- Your assignment
Using the material that follows, output exactly the lines from the one containing "#195=AXIS2_PLACEMENT_3D('',#192,#193,#194);" through the one containing "#240=ORIENTED_EDGE('',*,*,#239,.F.);", with both ends kept.

- Working data
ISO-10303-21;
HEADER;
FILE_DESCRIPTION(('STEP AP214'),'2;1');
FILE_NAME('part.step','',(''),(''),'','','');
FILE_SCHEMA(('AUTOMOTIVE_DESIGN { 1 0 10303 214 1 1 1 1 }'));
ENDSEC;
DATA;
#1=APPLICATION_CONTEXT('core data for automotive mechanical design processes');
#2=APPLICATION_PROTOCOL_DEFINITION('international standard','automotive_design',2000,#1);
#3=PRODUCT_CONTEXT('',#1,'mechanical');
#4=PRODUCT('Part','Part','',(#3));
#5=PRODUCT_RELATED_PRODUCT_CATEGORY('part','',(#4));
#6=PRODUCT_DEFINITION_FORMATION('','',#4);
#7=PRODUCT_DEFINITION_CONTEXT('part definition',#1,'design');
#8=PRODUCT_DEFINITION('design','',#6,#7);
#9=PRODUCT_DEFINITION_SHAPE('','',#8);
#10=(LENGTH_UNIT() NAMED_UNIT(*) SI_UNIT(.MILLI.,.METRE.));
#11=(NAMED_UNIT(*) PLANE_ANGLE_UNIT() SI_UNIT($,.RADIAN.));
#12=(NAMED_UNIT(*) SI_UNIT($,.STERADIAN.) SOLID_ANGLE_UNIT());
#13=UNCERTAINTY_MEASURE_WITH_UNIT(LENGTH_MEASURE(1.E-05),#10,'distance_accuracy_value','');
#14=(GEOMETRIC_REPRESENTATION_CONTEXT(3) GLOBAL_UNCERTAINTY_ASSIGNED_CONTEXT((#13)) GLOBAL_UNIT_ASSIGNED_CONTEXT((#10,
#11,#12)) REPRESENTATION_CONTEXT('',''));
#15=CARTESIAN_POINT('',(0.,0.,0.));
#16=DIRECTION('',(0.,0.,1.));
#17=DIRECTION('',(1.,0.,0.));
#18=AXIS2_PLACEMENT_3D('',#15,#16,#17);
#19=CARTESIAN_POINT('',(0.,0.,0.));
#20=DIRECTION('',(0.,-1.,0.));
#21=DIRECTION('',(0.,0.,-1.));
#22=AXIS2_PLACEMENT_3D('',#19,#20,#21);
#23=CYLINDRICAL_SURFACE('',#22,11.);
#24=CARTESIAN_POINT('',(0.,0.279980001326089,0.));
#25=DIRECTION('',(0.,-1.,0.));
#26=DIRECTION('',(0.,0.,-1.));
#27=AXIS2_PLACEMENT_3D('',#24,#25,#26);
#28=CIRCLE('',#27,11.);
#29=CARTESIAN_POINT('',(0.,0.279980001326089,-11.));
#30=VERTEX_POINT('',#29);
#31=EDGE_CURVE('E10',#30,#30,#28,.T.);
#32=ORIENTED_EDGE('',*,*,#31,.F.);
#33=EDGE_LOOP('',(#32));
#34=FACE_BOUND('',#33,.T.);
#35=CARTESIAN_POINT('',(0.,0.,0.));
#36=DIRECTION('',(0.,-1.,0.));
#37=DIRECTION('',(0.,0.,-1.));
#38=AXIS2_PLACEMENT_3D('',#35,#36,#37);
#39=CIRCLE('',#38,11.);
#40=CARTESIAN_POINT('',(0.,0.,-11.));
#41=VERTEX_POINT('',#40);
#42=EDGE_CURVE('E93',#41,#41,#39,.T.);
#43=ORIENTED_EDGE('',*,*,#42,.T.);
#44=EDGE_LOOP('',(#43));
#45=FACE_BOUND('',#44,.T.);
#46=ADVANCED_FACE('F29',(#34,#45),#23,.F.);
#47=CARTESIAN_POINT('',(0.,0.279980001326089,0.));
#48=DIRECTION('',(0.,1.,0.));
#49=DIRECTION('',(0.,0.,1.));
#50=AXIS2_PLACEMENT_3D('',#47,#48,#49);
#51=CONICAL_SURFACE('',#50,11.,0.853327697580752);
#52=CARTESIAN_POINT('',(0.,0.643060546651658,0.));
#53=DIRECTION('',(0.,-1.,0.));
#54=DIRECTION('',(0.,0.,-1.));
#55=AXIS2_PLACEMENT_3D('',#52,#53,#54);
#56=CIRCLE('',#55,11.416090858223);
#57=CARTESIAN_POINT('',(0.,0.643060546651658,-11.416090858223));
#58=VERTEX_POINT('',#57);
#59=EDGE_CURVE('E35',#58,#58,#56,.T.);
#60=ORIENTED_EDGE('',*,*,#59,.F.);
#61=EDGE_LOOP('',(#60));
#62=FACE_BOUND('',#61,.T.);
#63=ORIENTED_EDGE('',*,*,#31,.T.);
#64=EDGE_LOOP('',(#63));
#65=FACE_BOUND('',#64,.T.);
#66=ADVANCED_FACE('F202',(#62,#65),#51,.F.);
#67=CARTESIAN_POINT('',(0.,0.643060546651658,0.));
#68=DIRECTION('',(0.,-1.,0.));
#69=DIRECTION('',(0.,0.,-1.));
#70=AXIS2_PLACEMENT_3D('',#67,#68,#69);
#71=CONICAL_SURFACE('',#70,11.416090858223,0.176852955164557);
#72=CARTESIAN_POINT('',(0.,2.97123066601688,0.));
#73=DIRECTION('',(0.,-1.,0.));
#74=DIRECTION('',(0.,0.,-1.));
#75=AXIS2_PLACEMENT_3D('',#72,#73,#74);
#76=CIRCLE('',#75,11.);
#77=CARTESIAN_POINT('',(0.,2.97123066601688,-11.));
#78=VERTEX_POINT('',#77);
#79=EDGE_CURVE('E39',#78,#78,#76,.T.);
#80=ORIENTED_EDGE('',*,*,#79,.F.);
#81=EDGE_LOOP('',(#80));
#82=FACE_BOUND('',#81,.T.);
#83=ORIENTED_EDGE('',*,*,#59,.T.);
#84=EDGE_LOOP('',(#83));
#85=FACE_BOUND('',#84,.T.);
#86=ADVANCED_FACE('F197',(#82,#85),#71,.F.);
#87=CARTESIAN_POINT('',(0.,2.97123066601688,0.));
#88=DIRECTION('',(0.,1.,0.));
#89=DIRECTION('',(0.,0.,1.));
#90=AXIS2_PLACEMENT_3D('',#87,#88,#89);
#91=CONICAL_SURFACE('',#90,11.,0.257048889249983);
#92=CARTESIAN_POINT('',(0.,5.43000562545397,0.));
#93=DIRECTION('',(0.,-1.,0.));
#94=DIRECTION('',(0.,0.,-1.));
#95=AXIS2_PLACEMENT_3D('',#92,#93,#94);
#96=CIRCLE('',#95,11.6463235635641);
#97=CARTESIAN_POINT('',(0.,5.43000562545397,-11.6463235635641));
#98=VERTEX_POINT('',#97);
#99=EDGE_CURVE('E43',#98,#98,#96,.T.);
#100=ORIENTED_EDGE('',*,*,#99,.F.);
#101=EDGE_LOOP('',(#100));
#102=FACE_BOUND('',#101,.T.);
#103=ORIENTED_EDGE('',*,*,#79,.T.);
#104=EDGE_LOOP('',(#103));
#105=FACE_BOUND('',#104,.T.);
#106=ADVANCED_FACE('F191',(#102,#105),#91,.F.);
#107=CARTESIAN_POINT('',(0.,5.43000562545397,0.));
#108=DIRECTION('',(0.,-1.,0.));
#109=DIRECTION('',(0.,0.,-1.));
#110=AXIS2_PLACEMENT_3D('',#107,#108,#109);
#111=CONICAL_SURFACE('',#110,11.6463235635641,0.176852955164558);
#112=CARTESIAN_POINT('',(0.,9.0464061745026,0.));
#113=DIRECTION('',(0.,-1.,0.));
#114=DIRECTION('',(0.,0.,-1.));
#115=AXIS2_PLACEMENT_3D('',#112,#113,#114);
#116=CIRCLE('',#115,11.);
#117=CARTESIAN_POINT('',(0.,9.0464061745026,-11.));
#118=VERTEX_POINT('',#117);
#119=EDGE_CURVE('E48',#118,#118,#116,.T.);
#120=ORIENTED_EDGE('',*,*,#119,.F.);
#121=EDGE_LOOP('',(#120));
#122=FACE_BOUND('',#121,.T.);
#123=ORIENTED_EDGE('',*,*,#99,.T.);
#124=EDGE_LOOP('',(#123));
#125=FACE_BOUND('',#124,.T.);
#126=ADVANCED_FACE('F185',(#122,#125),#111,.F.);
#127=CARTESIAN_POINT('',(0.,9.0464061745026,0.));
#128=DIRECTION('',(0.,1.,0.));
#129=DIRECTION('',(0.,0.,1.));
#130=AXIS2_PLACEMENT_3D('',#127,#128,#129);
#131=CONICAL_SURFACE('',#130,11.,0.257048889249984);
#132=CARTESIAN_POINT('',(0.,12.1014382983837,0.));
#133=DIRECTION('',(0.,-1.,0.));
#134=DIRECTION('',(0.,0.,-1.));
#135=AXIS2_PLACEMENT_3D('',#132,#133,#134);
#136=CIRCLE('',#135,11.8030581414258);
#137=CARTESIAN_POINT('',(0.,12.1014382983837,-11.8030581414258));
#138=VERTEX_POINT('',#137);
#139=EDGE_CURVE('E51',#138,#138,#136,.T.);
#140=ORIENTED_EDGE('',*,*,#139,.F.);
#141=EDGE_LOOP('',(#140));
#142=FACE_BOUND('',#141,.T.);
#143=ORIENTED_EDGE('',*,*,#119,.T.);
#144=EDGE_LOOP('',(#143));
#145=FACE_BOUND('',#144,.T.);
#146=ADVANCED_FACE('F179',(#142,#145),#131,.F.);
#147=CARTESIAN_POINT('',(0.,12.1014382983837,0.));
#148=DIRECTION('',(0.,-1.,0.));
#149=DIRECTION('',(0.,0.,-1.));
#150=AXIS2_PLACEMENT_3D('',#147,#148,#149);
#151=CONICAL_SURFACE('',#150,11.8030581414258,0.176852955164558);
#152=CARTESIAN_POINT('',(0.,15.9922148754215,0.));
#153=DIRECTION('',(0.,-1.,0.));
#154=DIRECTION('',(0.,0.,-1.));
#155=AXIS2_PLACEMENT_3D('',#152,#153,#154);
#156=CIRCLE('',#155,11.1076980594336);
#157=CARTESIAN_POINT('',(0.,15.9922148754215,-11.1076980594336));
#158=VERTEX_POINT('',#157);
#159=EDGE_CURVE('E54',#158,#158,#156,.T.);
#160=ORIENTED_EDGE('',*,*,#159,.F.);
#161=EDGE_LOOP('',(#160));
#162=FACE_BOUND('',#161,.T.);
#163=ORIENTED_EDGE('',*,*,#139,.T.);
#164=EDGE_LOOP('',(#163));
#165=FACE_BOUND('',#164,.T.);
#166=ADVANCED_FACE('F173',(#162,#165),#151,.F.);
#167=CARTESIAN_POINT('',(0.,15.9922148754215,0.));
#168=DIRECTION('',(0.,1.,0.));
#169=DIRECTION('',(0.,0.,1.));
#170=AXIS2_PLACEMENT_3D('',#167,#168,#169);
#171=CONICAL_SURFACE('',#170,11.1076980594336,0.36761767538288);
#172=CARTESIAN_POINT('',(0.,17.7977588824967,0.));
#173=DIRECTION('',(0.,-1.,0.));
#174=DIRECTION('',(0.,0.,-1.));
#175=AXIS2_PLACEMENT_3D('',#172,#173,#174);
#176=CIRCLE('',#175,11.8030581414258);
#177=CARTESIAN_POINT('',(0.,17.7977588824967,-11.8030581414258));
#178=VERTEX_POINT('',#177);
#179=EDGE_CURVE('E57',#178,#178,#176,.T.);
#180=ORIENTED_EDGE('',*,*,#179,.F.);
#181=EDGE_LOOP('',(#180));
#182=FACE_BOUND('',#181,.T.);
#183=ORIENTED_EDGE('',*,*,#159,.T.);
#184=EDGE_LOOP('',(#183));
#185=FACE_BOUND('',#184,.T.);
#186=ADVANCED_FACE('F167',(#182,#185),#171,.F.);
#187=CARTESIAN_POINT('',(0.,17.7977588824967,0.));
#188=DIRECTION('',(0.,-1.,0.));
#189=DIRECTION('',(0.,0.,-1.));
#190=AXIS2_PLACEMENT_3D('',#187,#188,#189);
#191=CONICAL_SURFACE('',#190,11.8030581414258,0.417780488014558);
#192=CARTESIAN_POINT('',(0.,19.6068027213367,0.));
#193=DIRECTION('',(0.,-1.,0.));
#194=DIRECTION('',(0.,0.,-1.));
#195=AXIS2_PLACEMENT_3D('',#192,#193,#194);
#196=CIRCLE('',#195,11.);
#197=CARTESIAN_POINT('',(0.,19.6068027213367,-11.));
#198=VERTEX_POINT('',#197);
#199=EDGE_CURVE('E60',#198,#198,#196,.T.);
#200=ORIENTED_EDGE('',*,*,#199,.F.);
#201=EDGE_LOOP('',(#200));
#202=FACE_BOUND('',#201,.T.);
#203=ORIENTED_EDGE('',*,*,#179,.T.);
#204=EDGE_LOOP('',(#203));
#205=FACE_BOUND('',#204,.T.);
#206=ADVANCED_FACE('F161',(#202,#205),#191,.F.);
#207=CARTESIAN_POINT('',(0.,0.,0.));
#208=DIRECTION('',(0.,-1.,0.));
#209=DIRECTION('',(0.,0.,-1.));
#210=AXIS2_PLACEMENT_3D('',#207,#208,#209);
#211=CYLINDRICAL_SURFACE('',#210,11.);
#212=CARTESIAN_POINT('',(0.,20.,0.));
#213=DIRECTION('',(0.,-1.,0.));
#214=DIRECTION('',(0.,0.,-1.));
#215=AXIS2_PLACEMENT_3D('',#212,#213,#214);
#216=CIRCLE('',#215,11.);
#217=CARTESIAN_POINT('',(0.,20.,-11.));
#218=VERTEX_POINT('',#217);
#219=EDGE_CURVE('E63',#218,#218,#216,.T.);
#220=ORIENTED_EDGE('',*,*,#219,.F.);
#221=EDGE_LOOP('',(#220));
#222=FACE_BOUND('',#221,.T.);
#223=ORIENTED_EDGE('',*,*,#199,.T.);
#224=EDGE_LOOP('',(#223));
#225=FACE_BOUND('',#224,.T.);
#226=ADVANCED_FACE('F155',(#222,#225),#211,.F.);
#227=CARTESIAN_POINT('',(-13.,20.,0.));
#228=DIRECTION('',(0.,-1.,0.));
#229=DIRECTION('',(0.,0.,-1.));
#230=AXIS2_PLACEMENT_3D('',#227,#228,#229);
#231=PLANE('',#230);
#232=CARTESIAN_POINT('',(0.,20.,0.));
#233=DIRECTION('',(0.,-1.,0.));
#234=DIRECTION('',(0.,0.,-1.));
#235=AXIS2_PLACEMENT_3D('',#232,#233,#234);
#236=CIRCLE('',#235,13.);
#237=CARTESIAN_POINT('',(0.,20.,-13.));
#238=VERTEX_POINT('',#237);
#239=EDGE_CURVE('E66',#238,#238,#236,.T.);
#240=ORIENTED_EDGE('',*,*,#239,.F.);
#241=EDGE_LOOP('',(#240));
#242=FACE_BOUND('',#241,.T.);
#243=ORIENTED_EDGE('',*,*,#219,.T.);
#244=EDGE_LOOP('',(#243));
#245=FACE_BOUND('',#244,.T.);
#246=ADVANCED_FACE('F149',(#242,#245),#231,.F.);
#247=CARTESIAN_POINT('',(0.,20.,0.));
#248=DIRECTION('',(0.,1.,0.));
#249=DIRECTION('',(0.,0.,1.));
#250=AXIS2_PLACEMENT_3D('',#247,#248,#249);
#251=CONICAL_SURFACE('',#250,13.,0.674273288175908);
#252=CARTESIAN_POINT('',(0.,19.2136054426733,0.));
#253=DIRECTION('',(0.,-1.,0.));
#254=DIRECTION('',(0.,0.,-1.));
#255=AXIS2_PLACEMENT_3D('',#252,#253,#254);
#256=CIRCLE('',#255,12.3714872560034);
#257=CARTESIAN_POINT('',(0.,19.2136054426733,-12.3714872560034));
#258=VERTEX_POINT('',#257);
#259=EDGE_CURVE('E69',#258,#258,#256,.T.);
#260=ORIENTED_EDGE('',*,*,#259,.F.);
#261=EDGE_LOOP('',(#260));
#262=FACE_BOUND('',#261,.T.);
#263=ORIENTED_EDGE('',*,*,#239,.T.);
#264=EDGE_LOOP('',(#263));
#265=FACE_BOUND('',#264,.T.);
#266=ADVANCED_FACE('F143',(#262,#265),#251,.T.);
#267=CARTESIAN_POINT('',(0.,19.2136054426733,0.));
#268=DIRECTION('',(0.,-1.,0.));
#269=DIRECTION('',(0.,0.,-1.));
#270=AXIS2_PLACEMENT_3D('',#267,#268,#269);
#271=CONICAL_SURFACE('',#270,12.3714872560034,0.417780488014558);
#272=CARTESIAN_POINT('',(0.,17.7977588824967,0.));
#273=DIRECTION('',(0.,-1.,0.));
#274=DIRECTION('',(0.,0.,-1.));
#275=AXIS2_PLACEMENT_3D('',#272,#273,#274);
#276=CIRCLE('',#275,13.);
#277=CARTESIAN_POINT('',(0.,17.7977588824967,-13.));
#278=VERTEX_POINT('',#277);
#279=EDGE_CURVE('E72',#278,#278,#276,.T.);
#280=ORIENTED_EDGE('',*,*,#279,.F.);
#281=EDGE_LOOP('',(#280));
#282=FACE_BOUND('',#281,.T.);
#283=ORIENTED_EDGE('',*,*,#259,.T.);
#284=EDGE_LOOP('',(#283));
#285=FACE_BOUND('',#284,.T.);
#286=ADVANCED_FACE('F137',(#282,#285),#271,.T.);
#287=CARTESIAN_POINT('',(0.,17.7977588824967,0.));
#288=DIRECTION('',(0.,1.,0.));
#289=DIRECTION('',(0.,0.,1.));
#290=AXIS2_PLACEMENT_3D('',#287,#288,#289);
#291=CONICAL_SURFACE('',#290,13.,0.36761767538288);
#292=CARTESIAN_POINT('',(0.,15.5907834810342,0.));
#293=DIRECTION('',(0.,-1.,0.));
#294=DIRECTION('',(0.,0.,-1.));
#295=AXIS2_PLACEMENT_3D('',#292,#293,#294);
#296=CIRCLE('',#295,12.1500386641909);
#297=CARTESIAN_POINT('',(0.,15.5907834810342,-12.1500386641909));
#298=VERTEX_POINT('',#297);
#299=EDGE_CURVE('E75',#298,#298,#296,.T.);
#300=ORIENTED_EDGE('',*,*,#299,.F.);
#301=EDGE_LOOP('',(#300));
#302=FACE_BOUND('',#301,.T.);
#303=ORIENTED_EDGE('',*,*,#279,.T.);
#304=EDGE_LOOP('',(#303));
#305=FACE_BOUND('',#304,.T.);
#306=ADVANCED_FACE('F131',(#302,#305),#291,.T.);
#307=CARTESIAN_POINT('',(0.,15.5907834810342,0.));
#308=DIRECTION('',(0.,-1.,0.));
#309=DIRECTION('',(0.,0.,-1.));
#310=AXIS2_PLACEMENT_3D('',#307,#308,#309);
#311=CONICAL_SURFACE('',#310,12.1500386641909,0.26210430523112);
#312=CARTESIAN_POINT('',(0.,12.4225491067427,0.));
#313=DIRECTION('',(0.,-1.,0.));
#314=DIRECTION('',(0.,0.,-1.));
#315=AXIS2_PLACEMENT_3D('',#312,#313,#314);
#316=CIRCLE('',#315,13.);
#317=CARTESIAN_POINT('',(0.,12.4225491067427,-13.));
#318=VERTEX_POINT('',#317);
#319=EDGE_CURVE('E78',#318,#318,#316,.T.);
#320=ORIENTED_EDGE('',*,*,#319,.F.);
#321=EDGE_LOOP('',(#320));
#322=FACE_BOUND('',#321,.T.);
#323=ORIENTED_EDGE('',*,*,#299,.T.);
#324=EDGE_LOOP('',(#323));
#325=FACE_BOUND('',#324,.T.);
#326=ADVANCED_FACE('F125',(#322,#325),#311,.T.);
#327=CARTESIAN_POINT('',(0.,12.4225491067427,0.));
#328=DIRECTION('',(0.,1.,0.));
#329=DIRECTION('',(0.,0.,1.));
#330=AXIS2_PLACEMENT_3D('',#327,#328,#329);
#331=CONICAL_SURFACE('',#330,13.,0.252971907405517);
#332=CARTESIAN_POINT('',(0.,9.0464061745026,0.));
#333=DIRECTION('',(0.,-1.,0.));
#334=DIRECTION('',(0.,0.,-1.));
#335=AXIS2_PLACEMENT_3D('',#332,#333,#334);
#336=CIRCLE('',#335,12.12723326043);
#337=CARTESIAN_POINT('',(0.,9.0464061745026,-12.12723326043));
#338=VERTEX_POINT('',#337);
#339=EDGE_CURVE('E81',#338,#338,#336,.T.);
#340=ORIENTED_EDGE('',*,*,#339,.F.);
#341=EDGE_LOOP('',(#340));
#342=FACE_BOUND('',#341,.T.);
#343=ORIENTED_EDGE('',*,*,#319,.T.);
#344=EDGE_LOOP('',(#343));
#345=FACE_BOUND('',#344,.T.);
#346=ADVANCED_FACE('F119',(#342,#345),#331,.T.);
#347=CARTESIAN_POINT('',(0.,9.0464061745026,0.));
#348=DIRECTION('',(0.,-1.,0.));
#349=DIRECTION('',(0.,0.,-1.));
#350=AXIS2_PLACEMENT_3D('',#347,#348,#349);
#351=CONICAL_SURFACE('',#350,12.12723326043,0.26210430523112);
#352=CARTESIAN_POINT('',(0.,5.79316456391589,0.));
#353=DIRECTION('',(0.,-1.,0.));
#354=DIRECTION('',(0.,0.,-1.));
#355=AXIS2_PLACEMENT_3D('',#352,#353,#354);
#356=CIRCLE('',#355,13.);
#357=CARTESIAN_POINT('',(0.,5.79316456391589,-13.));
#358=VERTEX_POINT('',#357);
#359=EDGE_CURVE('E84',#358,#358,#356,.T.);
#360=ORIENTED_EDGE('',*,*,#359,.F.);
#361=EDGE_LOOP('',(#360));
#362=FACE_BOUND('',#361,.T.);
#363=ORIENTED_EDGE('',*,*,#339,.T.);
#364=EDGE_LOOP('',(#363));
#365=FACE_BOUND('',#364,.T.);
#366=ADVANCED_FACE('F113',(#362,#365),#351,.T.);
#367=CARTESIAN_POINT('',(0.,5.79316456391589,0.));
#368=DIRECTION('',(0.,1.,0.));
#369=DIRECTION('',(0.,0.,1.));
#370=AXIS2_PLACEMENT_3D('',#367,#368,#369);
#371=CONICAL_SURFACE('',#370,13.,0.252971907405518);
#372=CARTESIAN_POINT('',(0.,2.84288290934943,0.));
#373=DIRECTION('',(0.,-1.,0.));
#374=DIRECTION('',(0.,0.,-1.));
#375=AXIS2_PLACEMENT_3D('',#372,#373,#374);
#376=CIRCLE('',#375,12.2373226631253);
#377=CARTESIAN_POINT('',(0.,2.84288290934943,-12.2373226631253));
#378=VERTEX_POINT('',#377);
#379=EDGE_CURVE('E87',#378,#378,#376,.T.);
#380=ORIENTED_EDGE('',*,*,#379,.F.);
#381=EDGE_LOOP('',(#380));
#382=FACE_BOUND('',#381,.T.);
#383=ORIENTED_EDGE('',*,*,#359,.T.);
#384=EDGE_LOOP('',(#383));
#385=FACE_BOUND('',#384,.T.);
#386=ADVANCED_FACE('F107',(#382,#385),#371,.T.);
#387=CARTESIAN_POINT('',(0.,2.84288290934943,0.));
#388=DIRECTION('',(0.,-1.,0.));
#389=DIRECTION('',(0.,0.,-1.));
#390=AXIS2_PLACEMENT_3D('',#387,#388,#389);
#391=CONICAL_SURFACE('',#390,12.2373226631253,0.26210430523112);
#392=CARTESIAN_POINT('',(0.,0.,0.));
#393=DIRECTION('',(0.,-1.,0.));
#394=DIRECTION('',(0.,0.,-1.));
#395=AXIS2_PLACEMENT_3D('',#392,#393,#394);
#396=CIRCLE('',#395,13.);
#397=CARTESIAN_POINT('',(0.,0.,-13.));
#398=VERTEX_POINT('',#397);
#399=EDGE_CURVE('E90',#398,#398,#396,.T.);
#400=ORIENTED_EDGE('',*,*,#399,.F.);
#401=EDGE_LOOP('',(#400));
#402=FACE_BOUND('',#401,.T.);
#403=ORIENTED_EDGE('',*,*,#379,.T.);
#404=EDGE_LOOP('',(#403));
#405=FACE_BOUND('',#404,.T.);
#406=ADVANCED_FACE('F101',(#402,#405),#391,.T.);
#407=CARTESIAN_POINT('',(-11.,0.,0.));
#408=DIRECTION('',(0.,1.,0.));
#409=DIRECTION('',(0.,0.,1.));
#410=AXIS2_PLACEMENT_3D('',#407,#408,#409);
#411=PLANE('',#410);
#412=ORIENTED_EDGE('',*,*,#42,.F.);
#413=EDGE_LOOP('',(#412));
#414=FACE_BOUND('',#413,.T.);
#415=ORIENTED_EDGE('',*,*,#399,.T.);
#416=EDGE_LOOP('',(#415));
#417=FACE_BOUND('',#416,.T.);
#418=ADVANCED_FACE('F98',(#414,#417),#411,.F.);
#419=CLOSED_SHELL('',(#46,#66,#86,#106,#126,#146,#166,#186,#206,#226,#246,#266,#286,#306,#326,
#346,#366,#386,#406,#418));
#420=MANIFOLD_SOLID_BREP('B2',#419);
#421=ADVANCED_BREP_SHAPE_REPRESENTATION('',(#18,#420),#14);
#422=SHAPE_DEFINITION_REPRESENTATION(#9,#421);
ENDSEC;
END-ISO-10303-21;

- Completed exercise
#195=AXIS2_PLACEMENT_3D('',#192,#193,#194);
#196=CIRCLE('',#195,11.);
#197=CARTESIAN_POINT('',(0.,19.6068027213367,-11.));
#198=VERTEX_POINT('',#197);
#199=EDGE_CURVE('E60',#198,#198,#196,.T.);
#200=ORIENTED_EDGE('',*,*,#199,.F.);
#201=EDGE_LOOP('',(#200));
#202=FACE_BOUND('',#201,.T.);
#203=ORIENTED_EDGE('',*,*,#179,.T.);
#204=EDGE_LOOP('',(#203));
#205=FACE_BOUND('',#204,.T.);
#206=ADVANCED_FACE('F161',(#202,#205),#191,.F.);
#207=CARTESIAN_POINT('',(0.,0.,0.));
#208=DIRECTION('',(0.,-1.,0.));
#209=DIRECTION('',(0.,0.,-1.));
#210=AXIS2_PLACEMENT_3D('',#207,#208,#209);
#211=CYLINDRICAL_SURFACE('',#210,11.);
#212=CARTESIAN_POINT('',(0.,20.,0.));
#213=DIRECTION('',(0.,-1.,0.));
#214=DIRECTION('',(0.,0.,-1.));
#215=AXIS2_PLACEMENT_3D('',#212,#213,#214);
#216=CIRCLE('',#215,11.);
#217=CARTESIAN_POINT('',(0.,20.,-11.));
#218=VERTEX_POINT('',#217);
#219=EDGE_CURVE('E63',#218,#218,#216,.T.);
#220=ORIENTED_EDGE('',*,*,#219,.F.);
#221=EDGE_LOOP('',(#220));
#222=FACE_BOUND('',#221,.T.);
#223=ORIENTED_EDGE('',*,*,#199,.T.);
#224=EDGE_LOOP('',(#223));
#225=FACE_BOUND('',#224,.T.);
#226=ADVANCED_FACE('F155',(#222,#225),#211,.F.);
#227=CARTESIAN_POINT('',(-13.,20.,0.));
#228=DIRECTION('',(0.,-1.,0.));
#229=DIRECTION('',(0.,0.,-1.));
#230=AXIS2_PLACEMENT_3D('',#227,#228,#229);
#231=PLANE('',#230);
#232=CARTESIAN_POINT('',(0.,20.,0.));
#233=DIRECTION('',(0.,-1.,0.));
#234=DIRECTION('',(0.,0.,-1.));
#235=AXIS2_PLACEMENT_3D('',#232,#233,#234);
#236=CIRCLE('',#235,13.);
#237=CARTESIAN_POINT('',(0.,20.,-13.));
#238=VERTEX_POINT('',#237);
#239=EDGE_CURVE('E66',#238,#238,#236,.T.);
#240=ORIENTED_EDGE('',*,*,#239,.F.);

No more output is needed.